- Opening Delimiter -

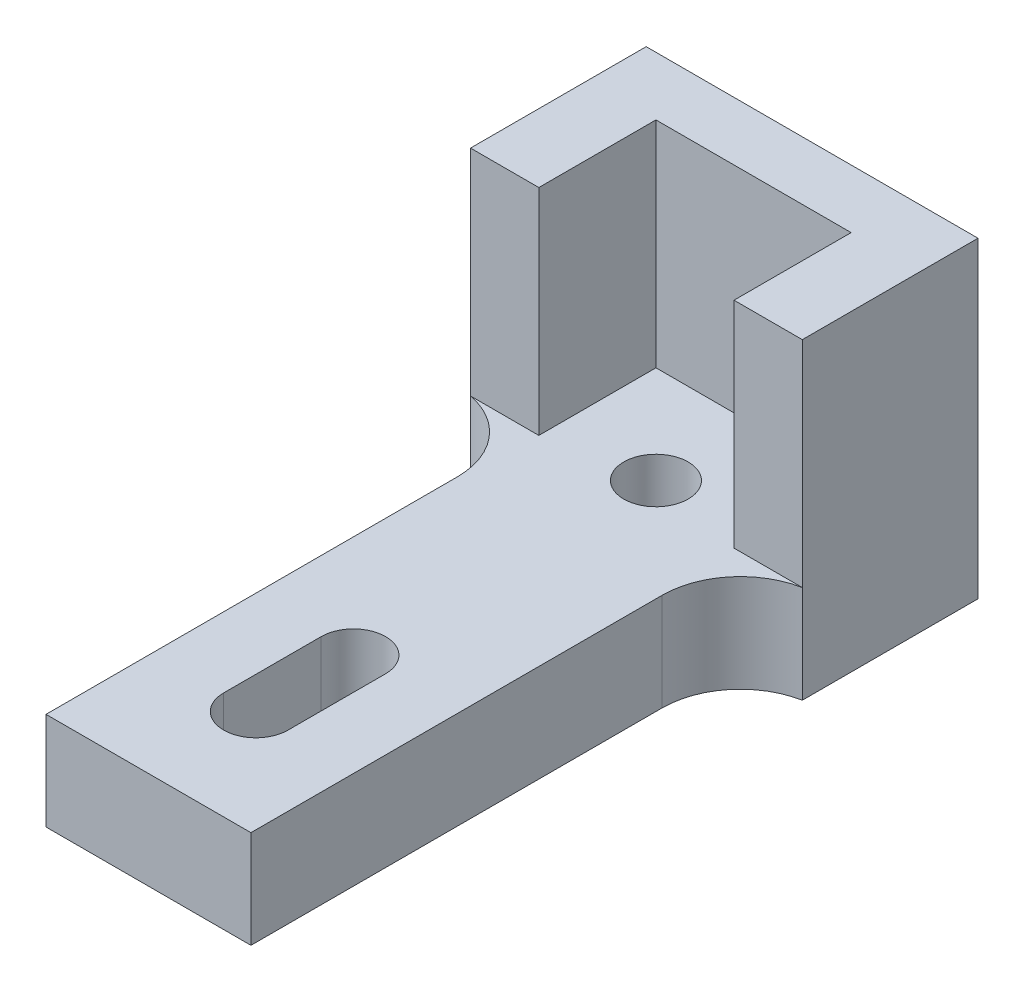
ISO-10303-21;
HEADER;
FILE_DESCRIPTION(('STEP AP214'),'2;1');
FILE_NAME('part.step','',(''),(''),'','','');
FILE_SCHEMA(('AUTOMOTIVE_DESIGN { 1 0 10303 214 1 1 1 1 }'));
ENDSEC;
DATA;
#1=APPLICATION_CONTEXT('core data for automotive mechanical design processes');
#2=APPLICATION_PROTOCOL_DEFINITION('international standard','automotive_design',2000,#1);
#3=PRODUCT_CONTEXT('',#1,'mechanical');
#4=PRODUCT('Part','Part','',(#3));
#5=PRODUCT_RELATED_PRODUCT_CATEGORY('part','',(#4));
#6=PRODUCT_DEFINITION_FORMATION('','',#4);
#7=PRODUCT_DEFINITION_CONTEXT('part definition',#1,'design');
#8=PRODUCT_DEFINITION('design','',#6,#7);
#9=PRODUCT_DEFINITION_SHAPE('','',#8);
#10=(LENGTH_UNIT() NAMED_UNIT(*) SI_UNIT(.MILLI.,.METRE.));
#11=(NAMED_UNIT(*) PLANE_ANGLE_UNIT() SI_UNIT($,.RADIAN.));
#12=(NAMED_UNIT(*) SI_UNIT($,.STERADIAN.) SOLID_ANGLE_UNIT());
#13=UNCERTAINTY_MEASURE_WITH_UNIT(LENGTH_MEASURE(1.E-05),#10,'distance_accuracy_value','');
#14=(GEOMETRIC_REPRESENTATION_CONTEXT(3) GLOBAL_UNCERTAINTY_ASSIGNED_CONTEXT((#13)) GLOBAL_UNIT_ASSIGNED_CONTEXT((#10,
#11,#12)) REPRESENTATION_CONTEXT('',''));
#15=CARTESIAN_POINT('',(0.,0.,0.));
#16=DIRECTION('',(0.,0.,1.));
#17=DIRECTION('',(1.,0.,0.));
#18=AXIS2_PLACEMENT_3D('',#15,#16,#17);
#19=CARTESIAN_POINT('',(0.,0.,0.));
#20=DIRECTION('',(0.,1.,0.));
#21=DIRECTION('',(1.,0.,0.));
#22=AXIS2_PLACEMENT_3D('',#19,#20,#21);
#23=PLANE('',#22);
#24=DIRECTION('',(1.,0.,0.));
#25=VECTOR('',#24,1.);
#26=CARTESIAN_POINT('',(-5.25,0.,26.));
#27=LINE('',#26,#25);
#28=CARTESIAN_POINT('',(-5.25,0.,26.));
#29=VERTEX_POINT('',#28);
#30=CARTESIAN_POINT('',(5.25,0.,26.));
#31=VERTEX_POINT('',#30);
#32=EDGE_CURVE('E36',#29,#31,#27,.T.);
#33=ORIENTED_EDGE('',*,*,#32,.F.);
#34=DIRECTION('',(0.,0.,1.));
#35=VECTOR('',#34,1.);
#36=CARTESIAN_POINT('',(-5.25,0.,4.929058411375));
#37=LINE('',#36,#35);
#38=CARTESIAN_POINT('',(-5.25,0.,4.929058411375));
#39=VERTEX_POINT('',#38);
#40=EDGE_CURVE('E174',#39,#29,#37,.T.);
#41=ORIENTED_EDGE('',*,*,#40,.F.);
#42=CARTESIAN_POINT('',(-9.25,0.,4.929058411375));
#43=DIRECTION('',(0.,1.,0.));
#44=DIRECTION('',(1.,0.,0.));
#45=AXIS2_PLACEMENT_3D('',#42,#43,#44);
#46=CIRCLE('',#45,4.);
#47=CARTESIAN_POINT('',(-8.5,0.,1.));
#48=VERTEX_POINT('',#47);
#49=EDGE_CURVE('E11',#39,#48,#46,.T.);
#50=ORIENTED_EDGE('',*,*,#49,.T.);
#51=DIRECTION('',(0.,0.,1.));
#52=VECTOR('',#51,1.);
#53=CARTESIAN_POINT('',(-8.5,0.,-8.));
#54=LINE('',#53,#52);
#55=CARTESIAN_POINT('',(-8.5,0.,-8.));
#56=VERTEX_POINT('',#55);
#57=EDGE_CURVE('E170',#56,#48,#54,.T.);
#58=ORIENTED_EDGE('',*,*,#57,.F.);
#59=DIRECTION('',(-1.,0.,0.));
#60=VECTOR('',#59,1.);
#61=CARTESIAN_POINT('',(8.5,0.,-8.));
#62=LINE('',#61,#60);
#63=CARTESIAN_POINT('',(8.5,0.,-8.));
#64=VERTEX_POINT('',#63);
#65=EDGE_CURVE('E147',#64,#56,#62,.T.);
#66=ORIENTED_EDGE('',*,*,#65,.F.);
#67=DIRECTION('',(0.,0.,-1.));
#68=VECTOR('',#67,1.);
#69=CARTESIAN_POINT('',(8.5,0.,1.));
#70=LINE('',#69,#68);
#71=CARTESIAN_POINT('',(8.5,0.,1.));
#72=VERTEX_POINT('',#71);
#73=EDGE_CURVE('E153',#72,#64,#70,.T.);
#74=ORIENTED_EDGE('',*,*,#73,.F.);
#75=CARTESIAN_POINT('',(9.25,0.,4.929058411375));
#76=DIRECTION('',(0.,1.,0.));
#77=DIRECTION('',(-0.187499999999992,0.,-0.982264602843859));
#78=AXIS2_PLACEMENT_3D('',#75,#76,#77);
#79=CIRCLE('',#78,4.);
#80=CARTESIAN_POINT('',(5.25,0.,4.929058411375));
#81=VERTEX_POINT('',#80);
#82=EDGE_CURVE('E27',#72,#81,#79,.T.);
#83=ORIENTED_EDGE('',*,*,#82,.T.);
#84=DIRECTION('',(0.,0.,-1.));
#85=VECTOR('',#84,1.);
#86=CARTESIAN_POINT('',(5.25,0.,26.));
#87=LINE('',#86,#85);
#88=EDGE_CURVE('E184',#31,#81,#87,.T.);
#89=ORIENTED_EDGE('',*,*,#88,.F.);
#90=EDGE_LOOP('',(#33,#41,#50,#58,#66,#74,#83,#89));
#91=FACE_BOUND('',#90,.T.);
#92=CARTESIAN_POINT('',(0.,0.,0.));
#93=DIRECTION('',(0.,-1.,0.));
#94=DIRECTION('',(-1.,0.,0.));
#95=AXIS2_PLACEMENT_3D('',#92,#93,#94);
#96=CIRCLE('',#95,1.65);
#97=CARTESIAN_POINT('',(-1.65,0.,0.));
#98=VERTEX_POINT('',#97);
#99=EDGE_CURVE('E195',#98,#98,#96,.T.);
#100=ORIENTED_EDGE('',*,*,#99,.F.);
#101=EDGE_LOOP('',(#100));
#102=FACE_BOUND('',#101,.T.);
#103=DIRECTION('',(0.,0.,1.));
#104=VECTOR('',#103,1.);
#105=CARTESIAN_POINT('',(1.65,0.,15.5));
#106=LINE('',#105,#104);
#107=CARTESIAN_POINT('',(1.65,0.,15.5));
#108=VERTEX_POINT('',#107);
#109=CARTESIAN_POINT('',(1.65,0.,20.5));
#110=VERTEX_POINT('',#109);
#111=EDGE_CURVE('E200',#108,#110,#106,.T.);
#112=ORIENTED_EDGE('',*,*,#111,.F.);
#113=CARTESIAN_POINT('',(0.,0.,15.5));
#114=DIRECTION('',(0.,-1.,0.));
#115=DIRECTION('',(-1.,0.,0.));
#116=AXIS2_PLACEMENT_3D('',#113,#114,#115);
#117=CIRCLE('',#116,1.65);
#118=CARTESIAN_POINT('',(-1.65,0.,15.5));
#119=VERTEX_POINT('',#118);
#120=EDGE_CURVE('E204',#119,#108,#117,.T.);
#121=ORIENTED_EDGE('',*,*,#120,.F.);
#122=DIRECTION('',(0.,0.,-1.));
#123=VECTOR('',#122,1.);
#124=CARTESIAN_POINT('',(-1.65,0.,20.5));
#125=LINE('',#124,#123);
#126=CARTESIAN_POINT('',(-1.65,0.,20.5));
#127=VERTEX_POINT('',#126);
#128=EDGE_CURVE('E207',#127,#119,#125,.T.);
#129=ORIENTED_EDGE('',*,*,#128,.F.);
#130=CARTESIAN_POINT('',(0.,0.,20.5));
#131=DIRECTION('',(0.,-1.,0.));
#132=DIRECTION('',(1.,0.,0.));
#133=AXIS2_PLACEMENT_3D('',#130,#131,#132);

- Closing Delimiter -

- **Directions**: Here the output must be the lines above from the line with "#34=DIRECTION('',(0.,0.,1.));" to the line with "#71=CARTESIAN_POINT('',(8.5,0.,1.));", both included, duplicated word for word and nothing else.

- **Finished exercise**:
#34=DIRECTION('',(0.,0.,1.));
#35=VECTOR('',#34,1.);
#36=CARTESIAN_POINT('',(-5.25,0.,4.929058411375));
#37=LINE('',#36,#35);
#38=CARTESIAN_POINT('',(-5.25,0.,4.929058411375));
#39=VERTEX_POINT('',#38);
#40=EDGE_CURVE('E174',#39,#29,#37,.T.);
#41=ORIENTED_EDGE('',*,*,#40,.F.);
#42=CARTESIAN_POINT('',(-9.25,0.,4.929058411375));
#43=DIRECTION('',(0.,1.,0.));
#44=DIRECTION('',(1.,0.,0.));
#45=AXIS2_PLACEMENT_3D('',#42,#43,#44);
#46=CIRCLE('',#45,4.);
#47=CARTESIAN_POINT('',(-8.5,0.,1.));
#48=VERTEX_POINT('',#47);
#49=EDGE_CURVE('E11',#39,#48,#46,.T.);
#50=ORIENTED_EDGE('',*,*,#49,.T.);
#51=DIRECTION('',(0.,0.,1.));
#52=VECTOR('',#51,1.);
#53=CARTESIAN_POINT('',(-8.5,0.,-8.));
#54=LINE('',#53,#52);
#55=CARTESIAN_POINT('',(-8.5,0.,-8.));
#56=VERTEX_POINT('',#55);
#57=EDGE_CURVE('E170',#56,#48,#54,.T.);
#58=ORIENTED_EDGE('',*,*,#57,.F.);
#59=DIRECTION('',(-1.,0.,0.));
#60=VECTOR('',#59,1.);
#61=CARTESIAN_POINT('',(8.5,0.,-8.));
#62=LINE('',#61,#60);
#63=CARTESIAN_POINT('',(8.5,0.,-8.));
#64=VERTEX_POINT('',#63);
#65=EDGE_CURVE('E147',#64,#56,#62,.T.);
#66=ORIENTED_EDGE('',*,*,#65,.F.);
#67=DIRECTION('',(0.,0.,-1.));
#68=VECTOR('',#67,1.);
#69=CARTESIAN_POINT('',(8.5,0.,1.));
#70=LINE('',#69,#68);
#71=CARTESIAN_POINT('',(8.5,0.,1.));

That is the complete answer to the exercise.